A Way to Diagnose Alzheimer’s More Easily

Doctors are often asked “Is it Alzheimer’s?” when a patient displays what’s called ‘mild cognitive impairment’, or MCI. This disorder affects about 20% of the US population over 70, which commonly causes memory problems. Many people with MCI go on to develop Alzheimer’s, but this is not inevitable. The dividing line between MCI and Alzheimer’s is not always easy to define, but a new study has shown a way to simplify this and provide a more definite answer, using common tests; it’s been published in Biological Psychiatry.

 

The study, done at Columbia University, New York, included 148 patients with broadly-defined MCI. They were followed at 6-month intervals over a 3-year period. At each exam a number of tests were done that represented commonly-accepted criteria for change from MCI to Alzheimer’s.

 

Five of the 8 ‘predictor’ tests were shown to have, combined, an excellent predictive record for eventual Alzheimer’s disease. They covered the areas: cognitive performance, an informant’s report of functional impairment, apolipoprotein E genotype, impaired sense of smell, and volumes of two brain parts (the hippocampus and entorhinal cortex) using magnetic resonance imaging (MRI).
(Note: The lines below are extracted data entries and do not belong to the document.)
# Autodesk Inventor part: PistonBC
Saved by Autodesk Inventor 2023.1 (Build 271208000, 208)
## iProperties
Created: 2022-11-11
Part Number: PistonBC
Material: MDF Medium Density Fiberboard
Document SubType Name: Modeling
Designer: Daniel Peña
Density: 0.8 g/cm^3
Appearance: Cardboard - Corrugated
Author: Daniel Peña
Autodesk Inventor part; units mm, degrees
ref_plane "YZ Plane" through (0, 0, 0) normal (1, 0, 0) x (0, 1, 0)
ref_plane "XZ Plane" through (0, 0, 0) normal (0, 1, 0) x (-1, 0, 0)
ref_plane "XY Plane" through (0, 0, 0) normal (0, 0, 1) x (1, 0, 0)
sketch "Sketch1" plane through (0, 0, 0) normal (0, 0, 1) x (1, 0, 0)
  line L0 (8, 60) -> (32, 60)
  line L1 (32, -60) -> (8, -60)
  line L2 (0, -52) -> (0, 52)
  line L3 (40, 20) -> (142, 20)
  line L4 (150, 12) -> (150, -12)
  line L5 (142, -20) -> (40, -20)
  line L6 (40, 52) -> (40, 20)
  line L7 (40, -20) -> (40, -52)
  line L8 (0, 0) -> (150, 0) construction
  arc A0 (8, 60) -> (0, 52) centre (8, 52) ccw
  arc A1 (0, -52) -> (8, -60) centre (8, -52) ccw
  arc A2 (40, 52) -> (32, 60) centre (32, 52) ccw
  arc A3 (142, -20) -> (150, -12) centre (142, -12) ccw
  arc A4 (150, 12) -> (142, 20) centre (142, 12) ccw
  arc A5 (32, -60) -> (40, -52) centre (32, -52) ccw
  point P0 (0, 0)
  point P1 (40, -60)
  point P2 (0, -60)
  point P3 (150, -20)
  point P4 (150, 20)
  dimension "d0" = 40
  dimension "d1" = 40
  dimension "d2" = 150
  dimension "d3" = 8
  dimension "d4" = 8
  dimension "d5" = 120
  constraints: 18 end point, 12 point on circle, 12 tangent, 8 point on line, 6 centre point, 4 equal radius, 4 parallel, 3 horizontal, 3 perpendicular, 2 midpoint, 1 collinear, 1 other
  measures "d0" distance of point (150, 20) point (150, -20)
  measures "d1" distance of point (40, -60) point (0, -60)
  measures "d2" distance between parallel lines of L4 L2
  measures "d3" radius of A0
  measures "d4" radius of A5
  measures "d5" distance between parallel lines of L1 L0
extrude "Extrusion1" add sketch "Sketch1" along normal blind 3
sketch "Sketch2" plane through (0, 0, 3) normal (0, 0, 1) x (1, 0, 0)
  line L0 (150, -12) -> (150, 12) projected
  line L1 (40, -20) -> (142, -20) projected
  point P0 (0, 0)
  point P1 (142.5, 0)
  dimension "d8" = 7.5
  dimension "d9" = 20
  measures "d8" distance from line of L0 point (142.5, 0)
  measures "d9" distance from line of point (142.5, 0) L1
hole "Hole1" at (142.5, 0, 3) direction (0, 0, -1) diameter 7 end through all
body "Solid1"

Using these 5 predictors, there were 10% false positives (i.e. 90% specificity), and 85.2% sensitivity. This was markedly superior to combining age and Mini-Mental State Examination (MMSE) scores, which showed only 40% sensitivity.

 

If this approach can be confirmed independently, it should provide a much improved way of determining which subjects with MCI are likely to proceed to full-blown Alzheimer’s disease. Hopefully, it will allow earlier diagnosis than before, and permit effective treatment - when available - to be instituted earlier, too.